Transcribe the stretch of entries below from the line with "#254=DIRECTION('',(-1.,0.,0.));" through the line with "#277=CARTESIAN_POINT('',(0.,9.19615242270663,3.));", exactly and with both ends included; leave out all other lines.

******

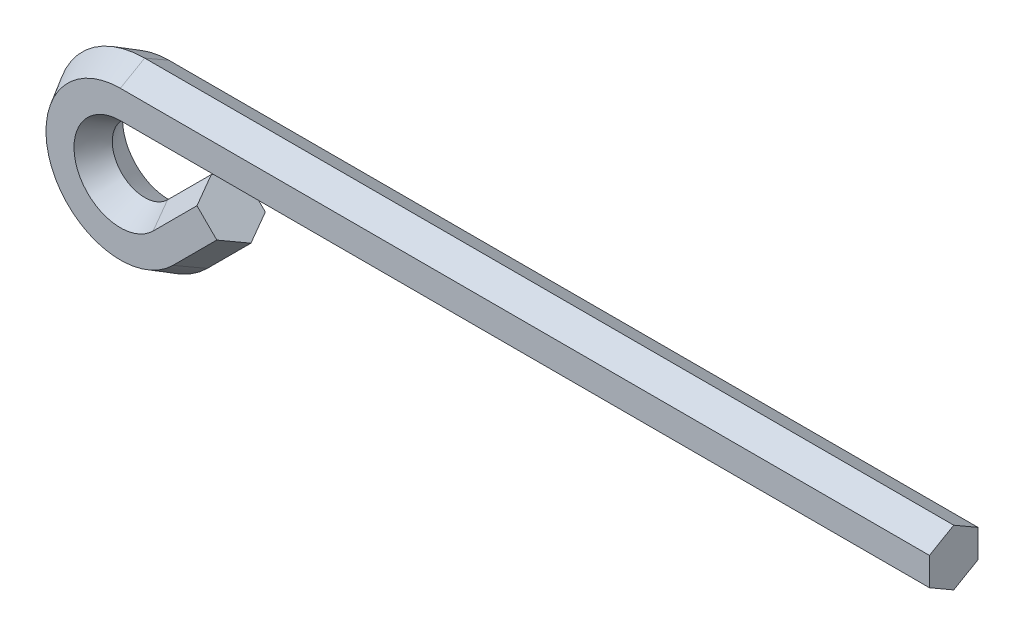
ISO-10303-21;
HEADER;
FILE_DESCRIPTION(('STEP AP214'),'2;1');
FILE_NAME('part.step','',(''),(''),'','','');
FILE_SCHEMA(('AUTOMOTIVE_DESIGN { 1 0 10303 214 1 1 1 1 }'));
ENDSEC;
DATA;
#1=APPLICATION_CONTEXT('core data for automotive mechanical design processes');
#2=APPLICATION_PROTOCOL_DEFINITION('international standard','automotive_design',2000,#1);
#3=PRODUCT_CONTEXT('',#1,'mechanical');
#4=PRODUCT('Part','Part','',(#3));
#5=PRODUCT_RELATED_PRODUCT_CATEGORY('part','',(#4));
#6=PRODUCT_DEFINITION_FORMATION('','',#4);
#7=PRODUCT_DEFINITION_CONTEXT('part definition',#1,'design');
#8=PRODUCT_DEFINITION('design','',#6,#7);
#9=PRODUCT_DEFINITION_SHAPE('','',#8);
#10=(LENGTH_UNIT() NAMED_UNIT(*) SI_UNIT(.MILLI.,.METRE.));
#11=(NAMED_UNIT(*) PLANE_ANGLE_UNIT() SI_UNIT($,.RADIAN.));
#12=(NAMED_UNIT(*) SI_UNIT($,.STERADIAN.) SOLID_ANGLE_UNIT());
#13=UNCERTAINTY_MEASURE_WITH_UNIT(LENGTH_MEASURE(1.E-05),#10,'distance_accuracy_value','');
#14=(GEOMETRIC_REPRESENTATION_CONTEXT(3) GLOBAL_UNCERTAINTY_ASSIGNED_CONTEXT((#13)) GLOBAL_UNIT_ASSIGNED_CONTEXT((#10,
#11,#12)) REPRESENTATION_CONTEXT('',''));
#15=CARTESIAN_POINT('',(0.,0.,0.));
#16=DIRECTION('',(0.,0.,1.));
#17=DIRECTION('',(1.,0.,0.));
#18=AXIS2_PLACEMENT_3D('',#15,#16,#17);
#19=CARTESIAN_POINT('',(6.50266173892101,-6.5026617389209,-3.));
#20=DIRECTION('',(-0.612372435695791,0.612372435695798,0.5));
#21=DIRECTION('',(-0.707106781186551,-0.707106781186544,0.));
#22=AXIS2_PLACEMENT_3D('',#19,#20,#21);
#23=PLANE('',#22);
#24=DIRECTION('',(0.353553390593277,-0.353553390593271,0.866025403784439));
#25=VECTOR('',#24,1.);
#26=CARTESIAN_POINT('',(6.50266173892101,-6.5026617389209,-3.));
#27=LINE('',#26,#25);
#28=CARTESIAN_POINT('',(6.50266173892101,-6.5026617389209,-3.));
#29=VERTEX_POINT('',#28);
#30=CARTESIAN_POINT('',(7.72740661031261,-7.72740661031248,0.));
#31=VERTEX_POINT('',#30);
#32=EDGE_CURVE('E181',#29,#31,#27,.T.);
#33=ORIENTED_EDGE('',*,*,#32,.F.);
#34=DIRECTION('',(0.707106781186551,0.707106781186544,0.));
#35=VECTOR('',#34,1.);
#36=CARTESIAN_POINT('',(6.50266173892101,-6.5026617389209,-3.));
#37=LINE('',#36,#35);
#38=CARTESIAN_POINT('',(11.9168753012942,-1.08844817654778,-3.));
#39=VERTEX_POINT('',#38);
#40=EDGE_CURVE('E35',#29,#39,#37,.T.);
#41=ORIENTED_EDGE('',*,*,#40,.T.);
#42=DIRECTION('',(0.353553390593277,-0.353553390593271,0.866025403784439));
#43=VECTOR('',#42,1.);
#44=CARTESIAN_POINT('',(11.9168753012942,-1.08844817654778,-3.));
#45=LINE('',#44,#43);
#46=CARTESIAN_POINT('',(13.1416201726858,-2.31319304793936,0.));
#47=VERTEX_POINT('',#46);
#48=EDGE_CURVE('E42',#39,#47,#45,.T.);
#49=ORIENTED_EDGE('',*,*,#48,.T.);
#50=DIRECTION('',(0.707106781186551,0.707106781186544,0.));
#51=VECTOR('',#50,1.);
#52=CARTESIAN_POINT('',(7.72740661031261,-7.72740661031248,0.));
#53=LINE('',#52,#51);
#54=EDGE_CURVE('E11',#31,#47,#53,.T.);
#55=ORIENTED_EDGE('',*,*,#54,.F.);
#56=EDGE_LOOP('',(#33,#41,#49,#55));
#57=FACE_BOUND('',#56,.T.);
#58=ADVANCED_FACE('F28',(#57),#23,.F.);
#59=CARTESIAN_POINT('',(2.82842712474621,-2.82842712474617,0.));
#60=DIRECTION('',(0.612372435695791,-0.612372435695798,0.5));
#61=DIRECTION('',(0.707106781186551,0.707106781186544,0.));
#62=AXIS2_PLACEMENT_3D('',#59,#60,#61);
#63=PLANE('',#62);
#64=DIRECTION('',(0.353553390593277,-0.353553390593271,-0.866025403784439));
#65=VECTOR('',#64,1.);
#66=CARTESIAN_POINT('',(2.82842712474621,-2.82842712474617,0.));
#67=LINE('',#66,#65);
#68=CARTESIAN_POINT('',(2.82842712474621,-2.82842712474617,0.));
#69=VERTEX_POINT('',#68);
#70=CARTESIAN_POINT('',(4.05317199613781,-4.05317199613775,-3.));
#71=VERTEX_POINT('',#70);
#72=EDGE_CURVE('E178',#69,#71,#67,.T.);
#73=ORIENTED_EDGE('',*,*,#72,.F.);
#74=DIRECTION('',(0.707106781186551,0.707106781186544,0.));
#75=VECTOR('',#74,1.);
#76=CARTESIAN_POINT('',(2.82842712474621,-2.82842712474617,0.));
#77=LINE('',#76,#75);
#78=CARTESIAN_POINT('',(8.24264068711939,2.58578643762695,0.));
#79=VERTEX_POINT('',#78);
#80=EDGE_CURVE('E220',#69,#79,#77,.T.);
#81=ORIENTED_EDGE('',*,*,#80,.T.);
#82=DIRECTION('',(0.353553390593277,-0.353553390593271,-0.866025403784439));
#83=VECTOR('',#82,1.);
#84=CARTESIAN_POINT('',(8.24264068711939,2.58578643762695,0.));
#85=LINE('',#84,#83);
#86=CARTESIAN_POINT('',(9.46738555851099,1.36104156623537,-3.));
#87=VERTEX_POINT('',#86);
#88=EDGE_CURVE('E210',#79,#87,#85,.T.);
#89=ORIENTED_EDGE('',*,*,#88,.T.);
#90=DIRECTION('',(0.707106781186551,0.707106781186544,0.));
#91=VECTOR('',#90,1.);
#92=CARTESIAN_POINT('',(4.05317199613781,-4.05317199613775,-3.));
#93=LINE('',#92,#91);
#94=EDGE_CURVE('E223',#71,#87,#93,.T.);
#95=ORIENTED_EDGE('',*,*,#94,.F.);
#96=EDGE_LOOP('',(#73,#81,#89,#95));
#97=FACE_BOUND('',#96,.T.);
#98=ADVANCED_FACE('F248',(#97),#63,.F.);
#99=CARTESIAN_POINT('',(2.82842712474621,-2.82842712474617,0.));
#100=DIRECTION('',(-0.612372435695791,0.612372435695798,0.5));
#101=DIRECTION('',(-0.707106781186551,-0.707106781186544,0.));
#102=AXIS2_PLACEMENT_3D('',#99,#100,#101);
#103=PLANE('',#102);
#104=DIRECTION('',(0.353553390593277,-0.353553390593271,0.866025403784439));
#105=VECTOR('',#104,1.);
#106=CARTESIAN_POINT('',(2.82842712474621,-2.82842712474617,0.));
#107=LINE('',#106,#105);
#108=CARTESIAN_POINT('',(4.05317199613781,-4.05317199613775,3.));
#109=VERTEX_POINT('',#108);
#110=EDGE_CURVE('E175',#69,#109,#107,.T.);
#111=ORIENTED_EDGE('',*,*,#110,.T.);
#112=DIRECTION('',(0.707106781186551,0.707106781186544,0.));
#113=VECTOR('',#112,1.);
#114=CARTESIAN_POINT('',(4.05317199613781,-4.05317199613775,3.));
#115=LINE('',#114,#113);
#116=CARTESIAN_POINT('',(9.46738555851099,1.36104156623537,3.));
#117=VERTEX_POINT('',#116);
#118=EDGE_CURVE('E217',#109,#117,#115,.T.);
#119=ORIENTED_EDGE('',*,*,#118,.T.);
#120=DIRECTION('',(0.353553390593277,-0.353553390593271,0.866025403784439));
#121=VECTOR('',#120,1.);
#122=CARTESIAN_POINT('',(8.24264068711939,2.58578643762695,0.));
#123=LINE('',#122,#121);
#124=EDGE_CURVE('E207',#79,#117,#123,.T.);
#125=ORIENTED_EDGE('',*,*,#124,.F.);
#126=ORIENTED_EDGE('',*,*,#80,.F.);
#127=EDGE_LOOP('',(#111,#119,#125,#126));
#128=FACE_BOUND('',#127,.T.);
#129=ADVANCED_FACE('F252',(#128),#103,.T.);
#130=CARTESIAN_POINT('',(6.50266173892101,-6.5026617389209,3.));
#131=DIRECTION('',(0.612372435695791,-0.612372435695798,0.5));
#132=DIRECTION('',(0.707106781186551,0.707106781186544,0.));
#133=AXIS2_PLACEMENT_3D('',#130,#131,#132);
#134=PLANE('',#133);
#135=DIRECTION('',(0.353553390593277,-0.353553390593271,-0.866025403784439));
#136=VECTOR('',#135,1.);
#137=CARTESIAN_POINT('',(6.50266173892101,-6.5026617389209,3.));
#138=LINE('',#137,#136);
#139=CARTESIAN_POINT('',(6.50266173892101,-6.5026617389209,3.));
#140=VERTEX_POINT('',#139);
#141=EDGE_CURVE('E129',#140,#31,#138,.T.);
#142=ORIENTED_EDGE('',*,*,#141,.T.);
#143=ORIENTED_EDGE('',*,*,#54,.T.);
#144=DIRECTION('',(0.353553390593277,-0.353553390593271,-0.866025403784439));
#145=VECTOR('',#144,1.);
#146=CARTESIAN_POINT('',(11.9168753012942,-1.08844817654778,3.));
#147=LINE('',#146,#145);
#148=CARTESIAN_POINT('',(11.9168753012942,-1.08844817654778,3.));
#149=VERTEX_POINT('',#148);
#150=EDGE_CURVE('E202',#149,#47,#147,.T.);
#151=ORIENTED_EDGE('',*,*,#150,.F.);
#152=DIRECTION('',(0.707106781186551,0.707106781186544,0.));
#153=VECTOR('',#152,1.);
#154=CARTESIAN_POINT('',(6.50266173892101,-6.5026617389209,3.));
#155=LINE('',#154,#153);
#156=EDGE_CURVE('E214',#140,#149,#155,.T.);
#157=ORIENTED_EDGE('',*,*,#156,.F.);
#158=EDGE_LOOP('',(#142,#143,#151,#157));
#159=FACE_BOUND('',#158,.T.);
#160=ADVANCED_FACE('F257',(#159),#134,.T.);
#161=CARTESIAN_POINT('',(0.,0.,-3.));
#162=DIRECTION('',(0.,0.,1.));
#163=DIRECTION('',(1.,0.,0.));
#164=AXIS2_PLACEMENT_3D('',#161,#162,#163);
#165=CONICAL_SURFACE('',#164,9.19615242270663,0.523598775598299);
#166=DIRECTION('',(0.,0.5,0.866025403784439));
#167=VECTOR('',#166,1.);
#168=CARTESIAN_POINT('',(0.,9.19615242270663,-3.));
#169=LINE('',#168,#167);
#170=CARTESIAN_POINT('',(0.,9.19615242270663,-3.));
#171=VERTEX_POINT('',#170);
#172=CARTESIAN_POINT('',(0.,10.9282032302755,0.));
#173=VERTEX_POINT('',#172);
#174=EDGE_CURVE('E126',#171,#173,#169,.T.);
#175=ORIENTED_EDGE('',*,*,#174,.F.);
#176=CARTESIAN_POINT('',(0.,0.,-3.));
#177=DIRECTION('',(0.,0.,1.));
#178=DIRECTION('',(1.,0.,0.));
#179=AXIS2_PLACEMENT_3D('',#176,#177,#178);
#180=CIRCLE('',#179,9.19615242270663);
#181=EDGE_CURVE('E196',#171,#29,#180,.T.);
#182=ORIENTED_EDGE('',*,*,#181,.T.);
#183=ORIENTED_EDGE('',*,*,#32,.T.);
#184=CARTESIAN_POINT('',(0.,0.,0.));
#185=DIRECTION('',(0.,0.,1.));
#186=DIRECTION('',(1.,0.,0.));
#187=AXIS2_PLACEMENT_3D('',#184,#185,#186);
#188=CIRCLE('',#187,10.9282032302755);
#189=EDGE_CURVE('E199',#173,#31,#188,.T.);
#190=ORIENTED_EDGE('',*,*,#189,.F.);
#191=EDGE_LOOP('',(#175,#182,#183,#190));
#192=FACE_BOUND('',#191,.T.);
#193=ADVANCED_FACE('F227',(#192),#165,.T.);
#194=CARTESIAN_POINT('',(0.,0.,0.));
#195=DIRECTION('',(0.,0.,-1.));
#196=DIRECTION('',(-1.,0.,0.));
#197=AXIS2_PLACEMENT_3D('',#194,#195,#196);
#198=CONICAL_SURFACE('',#197,4.,0.523598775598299);
#199=DIRECTION('',(0.,0.5,-0.866025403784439));
#200=VECTOR('',#199,1.);
#201=CARTESIAN_POINT('',(0.,4.,0.));
#202=LINE('',#201,#200);
#203=CARTESIAN_POINT('',(0.,4.,0.));
#204=VERTEX_POINT('',#203);
#205=CARTESIAN_POINT('',(0.,5.73205080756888,-3.));
#206=VERTEX_POINT('',#205);
#207=EDGE_CURVE('E158',#204,#206,#202,.T.);
#208=ORIENTED_EDGE('',*,*,#207,.F.);
#209=CARTESIAN_POINT('',(0.,0.,0.));
#210=DIRECTION('',(0.,0.,1.));
#211=DIRECTION('',(1.,0.,0.));
#212=AXIS2_PLACEMENT_3D('',#209,#210,#211);
#213=CIRCLE('',#212,4.);
#214=EDGE_CURVE('E190',#204,#69,#213,.T.);
#215=ORIENTED_EDGE('',*,*,#214,.T.);
#216=ORIENTED_EDGE('',*,*,#72,.T.);
#217=CARTESIAN_POINT('',(0.,0.,-3.));
#218=DIRECTION('',(0.,0.,1.));
#219=DIRECTION('',(1.,0.,0.));
#220=AXIS2_PLACEMENT_3D('',#217,#218,#219);
#221=CIRCLE('',#220,5.73205080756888);
#222=EDGE_CURVE('E193',#206,#71,#221,.T.);
#223=ORIENTED_EDGE('',*,*,#222,.F.);
#224=EDGE_LOOP('',(#208,#215,#216,#223));
#225=FACE_BOUND('',#224,.T.);
#226=ADVANCED_FACE('F244',(#225),#198,.F.);
#227=CARTESIAN_POINT('',(0.,0.,0.));
#228=DIRECTION('',(0.,0.,1.));
#229=DIRECTION('',(1.,0.,0.));
#230=AXIS2_PLACEMENT_3D('',#227,#228,#229);
#231=CONICAL_SURFACE('',#230,4.,0.523598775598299);
#232=DIRECTION('',(0.,0.5,0.866025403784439));
#233=VECTOR('',#232,1.);
#234=CARTESIAN_POINT('',(0.,4.,0.));
#235=LINE('',#234,#233);
#236=CARTESIAN_POINT('',(0.,5.73205080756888,3.));
#237=VERTEX_POINT('',#236);
#238=EDGE_CURVE('E161',#204,#237,#235,.T.);
#239=ORIENTED_EDGE('',*,*,#238,.T.);
#240=CARTESIAN_POINT('',(0.,0.,3.));
#241=DIRECTION('',(0.,0.,1.));
#242=DIRECTION('',(1.,0.,0.));
#243=AXIS2_PLACEMENT_3D('',#240,#241,#242);
#244=CIRCLE('',#243,5.73205080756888);
#245=EDGE_CURVE('E187',#237,#109,#244,.T.);
#246=ORIENTED_EDGE('',*,*,#245,.T.);
#247=ORIENTED_EDGE('',*,*,#110,.F.);
#248=ORIENTED_EDGE('',*,*,#214,.F.);
#249=EDGE_LOOP('',(#239,#246,#247,#248));
#250=FACE_BOUND('',#249,.T.);
#251=ADVANCED_FACE('F250',(#250),#231,.F.);
#252=CARTESIAN_POINT('',(0.,0.,3.));
#253=DIRECTION('',(0.,0.,-1.));
#254=DIRECTION('',(-1.,0.,0.));
#255=AXIS2_PLACEMENT_3D('',#252,#253,#254);
#256=CONICAL_SURFACE('',#255,9.19615242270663,0.523598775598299);
#257=DIRECTION('',(0.,0.5,-0.866025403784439));
#258=VECTOR('',#257,1.);
#259=CARTESIAN_POINT('',(0.,9.19615242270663,3.));
#260=LINE('',#259,#258);
#261=CARTESIAN_POINT('',(0.,9.19615242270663,3.));
#262=VERTEX_POINT('',#261);
#263=EDGE_CURVE('E154',#262,#173,#260,.T.);
#264=ORIENTED_EDGE('',*,*,#263,.T.);
#265=ORIENTED_EDGE('',*,*,#189,.T.);
#266=ORIENTED_EDGE('',*,*,#141,.F.);
#267=CARTESIAN_POINT('',(0.,0.,3.));
#268=DIRECTION('',(0.,0.,1.));
#269=DIRECTION('',(1.,0.,0.));
#270=AXIS2_PLACEMENT_3D('',#267,#268,#269);
#271=CIRCLE('',#270,9.19615242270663);
#272=EDGE_CURVE('E184',#262,#140,#271,.T.);
#273=ORIENTED_EDGE('',*,*,#272,.F.);
#274=EDGE_LOOP('',(#264,#265,#266,#273));
#275=FACE_BOUND('',#274,.T.);
#276=ADVANCED_FACE('F230',(#275),#256,.T.);
#277=CARTESIAN_POINT('',(0.,9.19615242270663,3.));
#278=DIRECTION('',(0.,-0.866025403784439,-0.5));
#279=DIRECTION('',(0.,0.5,-0.866025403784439));
#280=AXIS2_PLACEMENT_3D('',#277,#278,#279);
#281=PLANE('',#280);
#282=DIRECTION('',(0.,0.5,-0.866025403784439));
#283=VECTOR('',#282,1.);
#284=CARTESIAN_POINT('',(100.,9.19615242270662,3.));
#285=LINE('',#284,#283);
#286=CARTESIAN_POINT('',(100.,9.19615242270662,3.));
#287=VERTEX_POINT('',#286);
#288=CARTESIAN_POINT('',(100.,10.9282032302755,0.));
#289=VERTEX_POINT('',#288);
#290=EDGE_CURVE('E134',#287,#289,#285,.T.);
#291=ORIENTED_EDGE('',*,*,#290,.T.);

******

OUTPUT BELOW.
#254=DIRECTION('',(-1.,0.,0.));
#255=AXIS2_PLACEMENT_3D('',#252,#253,#254);
#256=CONICAL_SURFACE('',#255,9.19615242270663,0.523598775598299);
#257=DIRECTION('',(0.,0.5,-0.866025403784439));
#258=VECTOR('',#257,1.);
#259=CARTESIAN_POINT('',(0.,9.19615242270663,3.));
#260=LINE('',#259,#258);
#261=CARTESIAN_POINT('',(0.,9.19615242270663,3.));
#262=VERTEX_POINT('',#261);
#263=EDGE_CURVE('E154',#262,#173,#260,.T.);
#264=ORIENTED_EDGE('',*,*,#263,.T.);
#265=ORIENTED_EDGE('',*,*,#189,.T.);
#266=ORIENTED_EDGE('',*,*,#141,.F.);
#267=CARTESIAN_POINT('',(0.,0.,3.));
#268=DIRECTION('',(0.,0.,1.));
#269=DIRECTION('',(1.,0.,0.));
#270=AXIS2_PLACEMENT_3D('',#267,#268,#269);
#271=CIRCLE('',#270,9.19615242270663);
#272=EDGE_CURVE('E184',#262,#140,#271,.T.);
#273=ORIENTED_EDGE('',*,*,#272,.F.);
#274=EDGE_LOOP('',(#264,#265,#266,#273));
#275=FACE_BOUND('',#274,.T.);
#276=ADVANCED_FACE('F230',(#275),#256,.T.);
#277=CARTESIAN_POINT('',(0.,9.19615242270663,3.));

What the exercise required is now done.